# Closed-form solution to recurrence equation

I have a recurrence relation of the form:

$f(0) = f(1) = 1, f(2) = 2$ (initial conditions).

$f(2n) = f(n+1) + f(n) + n$ for $n>1$.

$f(2n+1) = f(n) + f(n-1) + 1$ for $n>1$.

I have been able to simplify this equation a little bit, but I can't seem to find a closed-form solution (and neither can Mathematica with RSolve).
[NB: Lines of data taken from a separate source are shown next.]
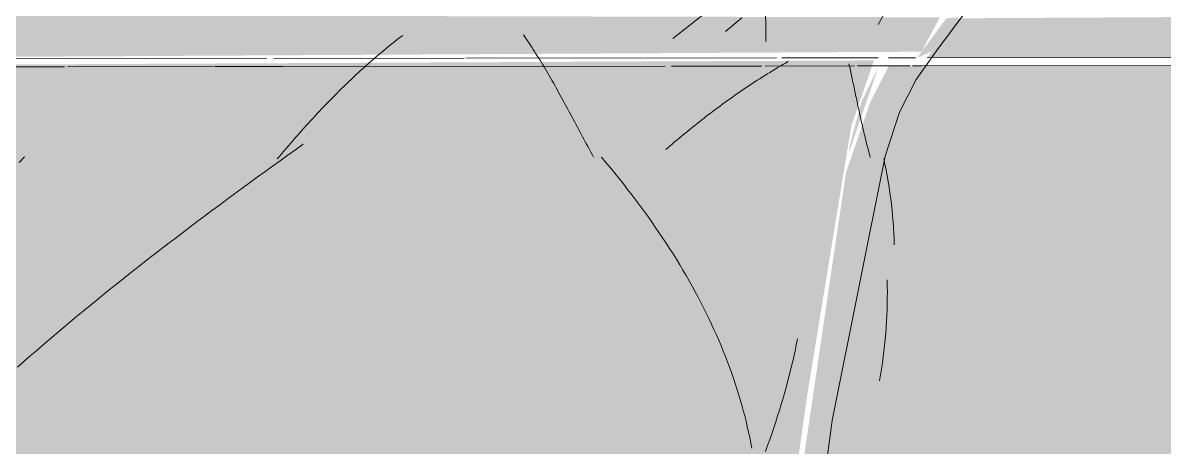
# Model space of a CAD drawing. Header units: inches. Extents: x 27328 to 121296, y -4075 to 4147.
# Drawn here: x 49625.25894 to 49625.26439, y 60.03142 to 60.03345 of the extents above; entities that cross this region are included whole.
import ezdxf

# ---------------------------------------------------------------- set-up
doc = ezdxf.new("R2010")
doc.units = ezdxf.units.IN
doc.header["$MEASUREMENT"] = 0
doc.layers.add('Q-SPCQ', color=91, linetype='Continuous', lineweight=9)
doc.layers.add('S-STRS', color=31, linetype='Continuous', lineweight=9)

# ---------------------------------------------------------------- blocks, each defined once
blk = doc.blocks.new('FP_212-mezzanine - perspective')
at = {"layer": 'Q-SPCQ'}
for p, q in [((23035.627384, 60.0322202), (23035.6273846, 60.0321919)), ((23035.6273846, 60.0321919), (23035.627385, 60.0321637)), ((23035.627385, 60.0321637), (23035.6273849, 60.0321354)), ((23035.6273846, 60.0321072), (23035.6273838, 60.0320789)), ((23035.6273849, 60.0321354), (23035.6273846, 60.0321072)), ((23035.6273827, 60.0320507), (23035.6273813, 60.0320224)), ((23035.6273838, 60.0320789), (23035.6273827, 60.0320507)), ((23035.6273795, 60.0319942), (23035.6273774, 60.0319659)), ((23035.6273813, 60.0320224), (23035.6273795, 60.0319942)), ((23035.627375, 60.0319376), (23035.6273722, 60.0319094)), ((23035.6273774, 60.0319659), (23035.627375, 60.0319376)), ((23035.627369, 60.0318811), (23035.6273656, 60.0318529)), ((23035.6273722, 60.0319094), (23035.627369, 60.0318811)), ((23035.6273617, 60.0318246), (23035.6273576, 60.0317964)), ((23035.6273656, 60.0318529), (23035.6273617, 60.0318246)), ((23035.6273531, 60.0317681), (23035.6273483, 60.0317398)), ((23035.6273576, 60.0317964), (23035.6273531, 60.0317681))]:
    blk.add_line(p, q, dxfattribs=at)
blk.add_polyline3d([(23035.6268142, 60.0256505, 0), (23035.6267588, 60.0276233, 0), (23035.6268613, 60.0295938, 0), (23035.6271211, 60.0315494, 0), (23035.6273744, 60.0328104, 0)], dxfattribs=at)
blk = doc.blocks.new('FP_213-mezzanine - perspective')
at = {"layer": 'Q-SPCQ'}
for p, q in [((23035.6245971, 60.0328674), (23035.6245601, 60.0328411)), ((23035.6245233, 60.0328148), (23035.6244865, 60.0327885)), ((23035.6245601, 60.0328411), (23035.6245233, 60.0328148)), ((23035.6273679, 60.0327991), (23035.6273737, 60.0327716)), ((23035.6244498, 60.0327622), (23035.6244133, 60.0327358)), ((23035.6244865, 60.0327885), (23035.6244498, 60.0327622)), ((23035.6273737, 60.0327716), (23035.6273792, 60.0327442)), ((23035.6273792, 60.0327442), (23035.6273842, 60.0327167)), ((23035.6243769, 60.0327095), (23035.6243406, 60.0326831)), ((23035.6244133, 60.0327358), (23035.6243769, 60.0327095)), ((23035.6273842, 60.0327167), (23035.627389, 60.0326893)), ((23035.627389, 60.0326893), (23035.6273933, 60.0326618)), ((23035.6242683, 60.0326303), (23035.6242324, 60.0326039)), ((23035.6243044, 60.0326567), (23035.6242683, 60.0326303)), ((23035.6243406, 60.0326831), (23035.6243044, 60.0326567)), ((23035.6273933, 60.0326618), (23035.6273974, 60.0326344)), ((23035.6273974, 60.0326344), (23035.627401, 60.0326069)), ((23035.6241966, 60.0325774), (23035.624161, 60.0325509)), ((23035.6242324, 60.0326039), (23035.6241966, 60.0325774)), ((23035.627401, 60.0326069), (23035.6274043, 60.0325795)), ((23035.6274043, 60.0325795), (23035.6274073, 60.032552)), ((23035.6241255, 60.0325245), (23035.6240902, 60.032498)), ((23035.624161, 60.0325509), (23035.6241255, 60.0325245)), ((23035.6274073, 60.032552), (23035.6274099, 60.0325245)), ((23035.6274099, 60.0325245), (23035.6274122, 60.0324971)), ((23035.624055, 60.0324715), (23035.6240199, 60.0324449)), ((23035.6240902, 60.032498), (23035.624055, 60.0324715)), ((23035.6274122, 60.0324971), (23035.6274141, 60.0324696)), ((23035.6274141, 60.0324696), (23035.6274157, 60.0324421)), ((23035.623985, 60.0324184), (23035.6239503, 60.0323918)), ((23035.6240199, 60.0324449), (23035.623985, 60.0324184)), ((23035.6274157, 60.0324421), (23035.6274169, 60.0324146)), ((23035.6274169, 60.0324146), (23035.6274178, 60.0323872)), ((23035.6239157, 60.0323653), (23035.6238813, 60.0323387)), ((23035.6239503, 60.0323918), (23035.6239157, 60.0323653)), ((23035.6238471, 60.0323121), (23035.6238131, 60.0322854)), ((23035.6238813, 60.0323387), (23035.6238471, 60.0323121)), ((23035.6237792, 60.0322588), (23035.6237455, 60.0322322)), ((23035.6238131, 60.0322854), (23035.6237792, 60.0322588)), ((23035.623712, 60.0322055), (23035.6236786, 60.0321788)), ((23035.6237455, 60.0322322), (23035.623712, 60.0322055)), ((23035.6236455, 60.0321521), (23035.6236126, 60.0321254)), ((23035.6236786, 60.0321788), (23035.6236455, 60.0321521)), ((23035.6235798, 60.0320987), (23035.6235472, 60.0320719)), ((23035.6236126, 60.0321254), (23035.6235798, 60.0320987)), ((23035.6235149, 60.0320452), (23035.6234827, 60.0320184)), ((23035.6235472, 60.0320719), (23035.6235149, 60.0320452)), ((23035.6234508, 60.0319916), (23035.623419, 60.0319648)), ((23035.6234827, 60.0320184), (23035.6234508, 60.0319916)), ((23035.6233875, 60.031938), (23035.6233562, 60.0319112)), ((23035.623419, 60.0319648), (23035.6233875, 60.031938)), ((23035.6233251, 60.0318844), (23035.6232942, 60.0318575)), ((23035.6233562, 60.0319112), (23035.6233251, 60.0318844)), ((23035.6232636, 60.0318306), (23035.6232331, 60.0318038)), ((23035.6232942, 60.0318575), (23035.6232636, 60.0318306))]:
    blk.add_line(p, q, dxfattribs=at)
blk = doc.blocks.new('FP_214-mezzanine - perspective')
at = {"layer": 'Q-SPCQ'}
for p, q in [((23035.6232671, 60.0328067), (23035.6232407, 60.0327801)), ((23035.62602, 60.032806), (23035.6260416, 60.0327803)), ((23035.6260416, 60.0327803), (23035.626063, 60.0327547)), ((23035.626063, 60.0327547), (23035.626084, 60.032729)), ((23035.626084, 60.032729), (23035.6261047, 60.0327034)), ((23035.6261047, 60.0327034), (23035.6261251, 60.0326777)), ((23035.6261251, 60.0326777), (23035.6261453, 60.0326521)), ((23035.6261453, 60.0326521), (23035.626165, 60.0326264)), ((23035.626165, 60.0326264), (23035.6261845, 60.0326007)), ((23035.6261845, 60.0326007), (23035.6262037, 60.0325751)), ((23035.6262037, 60.0325751), (23035.6262226, 60.0325494)), ((23035.6262226, 60.0325494), (23035.6262411, 60.0325238)), ((23035.6262411, 60.0325238), (23035.6262594, 60.0324981)), ((23035.6262594, 60.0324981), (23035.6262773, 60.0324724)), ((23035.6262773, 60.0324724), (23035.6262949, 60.0324468)), ((23035.6262949, 60.0324468), (23035.6263122, 60.0324211)), ((23035.6263122, 60.0324211), (23035.6263291, 60.0323954)), ((23035.6263291, 60.0323954), (23035.6263458, 60.0323697)), ((23035.6263458, 60.0323697), (23035.6263621, 60.0323441)), ((23035.6263621, 60.0323441), (23035.6263781, 60.0323184)), ((23035.6263781, 60.0323184), (23035.6263938, 60.0322927)), ((23035.6263938, 60.0322927), (23035.6264092, 60.032267)), ((23035.6264092, 60.032267), (23035.6264243, 60.0322413)), ((23035.6264243, 60.0322413), (23035.626439, 60.0322156)), ((23035.626439, 60.0322156), (23035.6264535, 60.0321899)), ((23035.6264535, 60.0321899), (23035.6264676, 60.0321642)), ((23035.6264676, 60.0321642), (23035.6264814, 60.0321385)), ((23035.6264814, 60.0321385), (23035.6264948, 60.0321128)), ((23035.6264948, 60.0321128), (23035.626508, 60.0320871)), ((23035.626508, 60.0320871), (23035.6265208, 60.0320614)), ((23035.6265208, 60.0320614), (23035.6265333, 60.0320357)), ((23035.6265333, 60.0320357), (23035.6265455, 60.03201)), ((23035.6265455, 60.03201), (23035.6265574, 60.0319843)), ((23035.6265574, 60.0319843), (23035.6265689, 60.0319585)), ((23035.6265689, 60.0319585), (23035.6265802, 60.0319328)), ((23035.6265802, 60.0319328), (23035.6265911, 60.0319071)), ((23035.6269559, 60.0319391), (23035.6269503, 60.0319108)), ((23035.6265911, 60.0319071), (23035.6266017, 60.0318813)), ((23035.6266017, 60.0318813), (23035.626612, 60.0318556)), ((23035.6269444, 60.0318825), (23035.6269382, 60.0318543)), ((23035.6269503, 60.0319108), (23035.6269444, 60.0318825)), ((23035.626612, 60.0318556), (23035.6266219, 60.0318299)), ((23035.6266219, 60.0318299), (23035.6266316, 60.0318041)), ((23035.6269318, 60.031826), (23035.626925, 60.0317977)), ((23035.6269382, 60.0318543), (23035.6269318, 60.031826)), ((23035.6266316, 60.0318041), (23035.6266409, 60.0317784)), ((23035.6266409, 60.0317784), (23035.6266499, 60.0317526)), ((23035.626918, 60.0317695), (23035.6269108, 60.0317412)), ((23035.626925, 60.0317977), (23035.626918, 60.0317695)), ((23035.6266499, 60.0317526), (23035.6266586, 60.0317269)), ((23035.6266586, 60.0317269), (23035.6266669, 60.0317011)), ((23035.6269032, 60.0317129), (23035.6268954, 60.0316847)), ((23035.6269108, 60.0317412), (23035.6269032, 60.0317129)), ((23035.6266669, 60.0317011), (23035.626675, 60.0316753)), ((23035.626675, 60.0316753), (23035.6266827, 60.0316496)), ((23035.6266827, 60.0316496), (23035.6266901, 60.0316238)), ((23035.6268873, 60.0316564), (23035.626879, 60.0316282)), ((23035.6268954, 60.0316847), (23035.6268873, 60.0316564)), ((23035.6266901, 60.0316238), (23035.6266973, 60.031598)), ((23035.6266973, 60.031598), (23035.626704, 60.0315722)), ((23035.6268704, 60.0315999), (23035.6268615, 60.0315716)), ((23035.626879, 60.0316282), (23035.6268704, 60.0315999)), ((23035.626704, 60.0315722), (23035.6267105, 60.0315464)), ((23035.6267105, 60.0315464), (23035.6267167, 60.0315206)), ((23035.6268524, 60.0315434), (23035.626843, 60.0315151)), ((23035.6268615, 60.0315716), (23035.6268524, 60.0315434)), ((23035.6267167, 60.0315206), (23035.6267225, 60.0314948)), ((23035.6267225, 60.0314948), (23035.6267281, 60.031469)), ((23035.6268334, 60.0314868), (23035.6268235, 60.0314586)), ((23035.626843, 60.0315151), (23035.6268334, 60.0314868)), ((23035.6267281, 60.031469), (23035.6267333, 60.0314432)), ((23035.6267333, 60.0314432), (23035.6267382, 60.0314174)), ((23035.6268235, 60.0314586), (23035.6268134, 60.0314303)), ((23035.6268134, 60.0314303), (23035.626803, 60.0314021))]:
    blk.add_line(p, q, dxfattribs=at)
blk = doc.blocks.new('FP_216-mezzanine - perspective')
at = {"layer": 'Q-SPCQ'}
for p, q in [((23035.6212978, 60.0333603), (23035.6213071, 60.033349)), ((23035.6213071, 60.033349), (23035.6213163, 60.0333378)), ((23035.6213163, 60.0333378), (23035.6213255, 60.0333264)), ((23035.6250204, 60.0333456), (23035.6250077, 60.0333355)), ((23035.6250331, 60.0333557), (23035.6250204, 60.0333456)), ((23035.6250459, 60.0333657), (23035.6250331, 60.0333557)), ((23035.6250588, 60.0333756), (23035.6250459, 60.0333657)), ((23035.6250718, 60.0333855), (23035.6250588, 60.0333756)), ((23035.625648, 60.0333888), (23035.6256548, 60.033379)), ((23035.6256548, 60.033379), (23035.6256615, 60.0333692)), ((23035.6256615, 60.0333692), (23035.6256682, 60.0333593)), ((23035.6256682, 60.0333593), (23035.6256748, 60.0333494)), ((23035.6256748, 60.0333494), (23035.6256814, 60.0333394)), ((23035.6256814, 60.0333394), (23035.625688, 60.0333293)), ((23035.6213255, 60.0333264), (23035.6213346, 60.033315)), ((23035.6213346, 60.033315), (23035.6213436, 60.0333035)), ((23035.6213436, 60.0333035), (23035.6213526, 60.033292)), ((23035.6213526, 60.033292), (23035.6213615, 60.0332804)), ((23035.6249453, 60.0332838), (23035.624933, 60.0332733)), ((23035.6249577, 60.0332943), (23035.6249453, 60.0332838)), ((23035.6249701, 60.0333047), (23035.6249577, 60.0332943)), ((23035.6249826, 60.033315), (23035.6249701, 60.0333047)), ((23035.6249951, 60.0333253), (23035.6249826, 60.033315)), ((23035.6250077, 60.0333355), (23035.6249951, 60.0333253)), ((23035.625688, 60.0333293), (23035.6256946, 60.0333191)), ((23035.6256946, 60.0333191), (23035.6257012, 60.0333089)), ((23035.6257012, 60.0333089), (23035.6257077, 60.0332986)), ((23035.6257077, 60.0332986), (23035.6257142, 60.0332882)), ((23035.6257142, 60.0332882), (23035.6257207, 60.0332778)), ((23035.6213615, 60.0332804), (23035.6213703, 60.0332688)), ((23035.6213703, 60.0332688), (23035.621379, 60.0332571)), ((23035.621379, 60.0332571), (23035.6213877, 60.0332454)), ((23035.6213877, 60.0332454), (23035.6213963, 60.0332336)), ((23035.6213963, 60.0332336), (23035.6214048, 60.0332217)), ((23035.6248844, 60.0332305), (23035.6248725, 60.0332197)), ((23035.6248965, 60.0332413), (23035.6248844, 60.0332305)), ((23035.6249086, 60.033252), (23035.6248965, 60.0332413)), ((23035.6249208, 60.0332627), (23035.6249086, 60.033252)), ((23035.624933, 60.0332733), (23035.6249208, 60.0332627)), ((23035.6257207, 60.0332778), (23035.6257271, 60.0332673)), ((23035.6257271, 60.0332673), (23035.6257336, 60.0332568)), ((23035.6257336, 60.0332568), (23035.62574, 60.0332462)), ((23035.62574, 60.0332462), (23035.6257464, 60.0332355)), ((23035.6257464, 60.0332355), (23035.6257528, 60.0332248)), ((23035.6214048, 60.0332217), (23035.6214133, 60.0332098)), ((23035.6214133, 60.0332098), (23035.6214216, 60.0331978)), ((23035.6214216, 60.0331978), (23035.62143, 60.0331858)), ((23035.62143, 60.0331858), (23035.6214382, 60.0331738)), ((23035.6248251, 60.0331758), (23035.6248134, 60.0331646)), ((23035.6248368, 60.0331868), (23035.6248251, 60.0331758)), ((23035.6248486, 60.0331978), (23035.6248368, 60.0331868)), ((23035.6248605, 60.0332088), (23035.6248486, 60.0331978)), ((23035.6248725, 60.0332197), (23035.6248605, 60.0332088)), ((23035.6257528, 60.0332248), (23035.6257592, 60.033214)), ((23035.6257592, 60.033214), (23035.6257655, 60.0332031)), ((23035.6257655, 60.0332031), (23035.6257719, 60.0331922)), ((23035.6257719, 60.0331922), (23035.6257782, 60.0331812)), ((23035.6257782, 60.0331812), (23035.6257846, 60.0331702)), ((23035.6214382, 60.0331738), (23035.6214463, 60.0331616)), ((23035.6214463, 60.0331616), (23035.6214544, 60.0331495)), ((23035.6214544, 60.0331495), (23035.6214624, 60.0331373)), ((23035.6214624, 60.0331373), (23035.6214704, 60.033125)), ((23035.6214704, 60.033125), (23035.6214782, 60.0331127)), ((23035.6247786, 60.0331309), (23035.6247671, 60.0331196)), ((23035.6247901, 60.0331422), (23035.6247786, 60.0331309)), ((23035.6248017, 60.0331535), (23035.6247901, 60.0331422)), ((23035.6248134, 60.0331646), (23035.6248017, 60.0331535)), ((23035.6257846, 60.0331702), (23035.6257909, 60.0331591)), ((23035.6257909, 60.0331591), (23035.6257972, 60.033148)), ((23035.6257972, 60.033148), (23035.6258035, 60.0331368)), ((23035.6258035, 60.0331368), (23035.6258098, 60.0331256)), ((23035.6258098, 60.0331256), (23035.6258161, 60.0331143)), ((23035.6214782, 60.0331127), (23035.621486, 60.0331004)), ((23035.621486, 60.0331004), (23035.6214937, 60.033088)), ((23035.6214937, 60.033088), (23035.6215013, 60.0330756)), ((23035.6215013, 60.0330756), (23035.6215089, 60.0330631)), ((23035.6247216, 60.0330737), (23035.6247103, 60.0330621)), ((23035.6247329, 60.0330853), (23035.6247216, 60.0330737)), ((23035.6247442, 60.0330968), (23035.6247329, 60.0330853)), ((23035.6247556, 60.0331082), (23035.6247442, 60.0330968)), ((23035.6247671, 60.0331196), (23035.6247556, 60.0331082)), ((23035.6258161, 60.0331143), (23035.6258224, 60.0331029)), ((23035.6258224, 60.0331029), (23035.6258287, 60.0330915)), ((23035.6258287, 60.0330915), (23035.625835, 60.0330801)), ((23035.625835, 60.0330801), (23035.6258413, 60.0330686)), ((23035.6258413, 60.0330686), (23035.6258476, 60.0330571)), ((23035.6215089, 60.0330631), (23035.6215164, 60.0330506)), ((23035.6215164, 60.0330506), (23035.6215238, 60.0330381)), ((23035.6215238, 60.0330381), (23035.6215311, 60.0330255)), ((23035.6215311, 60.0330255), (23035.6215383, 60.0330129)), ((23035.6215383, 60.0330129), (23035.6215455, 60.0330002)), ((23035.6246658, 60.0330153), (23035.6246547, 60.0330035)), ((23035.6246768, 60.0330271), (23035.6246658, 60.0330153)), ((23035.624688, 60.0330388), (23035.6246768, 60.0330271)), ((23035.6246991, 60.0330505), (23035.624688, 60.0330388)), ((23035.6247103, 60.0330621), (23035.6246991, 60.0330505)), ((23035.6258476, 60.0330571), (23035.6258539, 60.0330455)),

The first few values of $f(n)$ for $n = 0$ to $10$ are:

[1, 1, 2, 3, 7, 4, 13, 6, 15, 11, 22]

• Are you looking for asymptotic bounds? Note that we can approximate the first equality as $f(2n) = 2f(n) + n$, i.e., $f(n) = 2f(n/2) + n/2$, which by the Master theorem solves to $\Theta(n \lg n)$. The second equation is approximately $f(n) = 2f(n/2) + 1$, which by the Master theorem solves to $\Theta(n)$. Therefore, I'd expect your final answer to be $\Omega(n)$ and $O(n \lg n)$. Those might be the best bounds possible. Is that tight enough for you? – D.W. Dec 24 '14 at 5:00
• @D.W. Thanks for the asymptotics, but it would be much better if there were exact closed form solutions (of any form). – Ryan Dec 24 '14 at 14:14
• It is naive to expect there to be any better closed form than the recurrence. Do you have any particular reason to think that such a closed form exists? – Yuval Filmus Dec 26 '14 at 6:09

Define \begin{align*} A(x) &= \frac{1}{x^2} + 1 + x + x^3, \\ B(x) &= \frac{x^3}{1-x^2} + \frac{x^2}{(1-x^2)^2} - \frac{1}{x^2} - 1 - 2x^2 \\ &= -\frac{1}{x^2} -1 - x^2 + \sum_{m=0}^\infty x^{3+2m} + \sum_{m=0}^\infty (2+m) x^{4+2m}. \end{align*} Then the generating series $F(x) = \sum_{n=0}^\infty f(n) x^n$ satisfies the identity $$F(x) = A(x) F(x^2) + B(x),$$ and so in some sense is given by the "formula" $$F(x) = B(x) + A(x) B(x^2) + A(x) A(x^2) B(x^4) + A(x) A(x^2) A(x^4) B(x^8) + \cdots.$$ Unfortunately, this formula holds only in the sense of analytic continuation.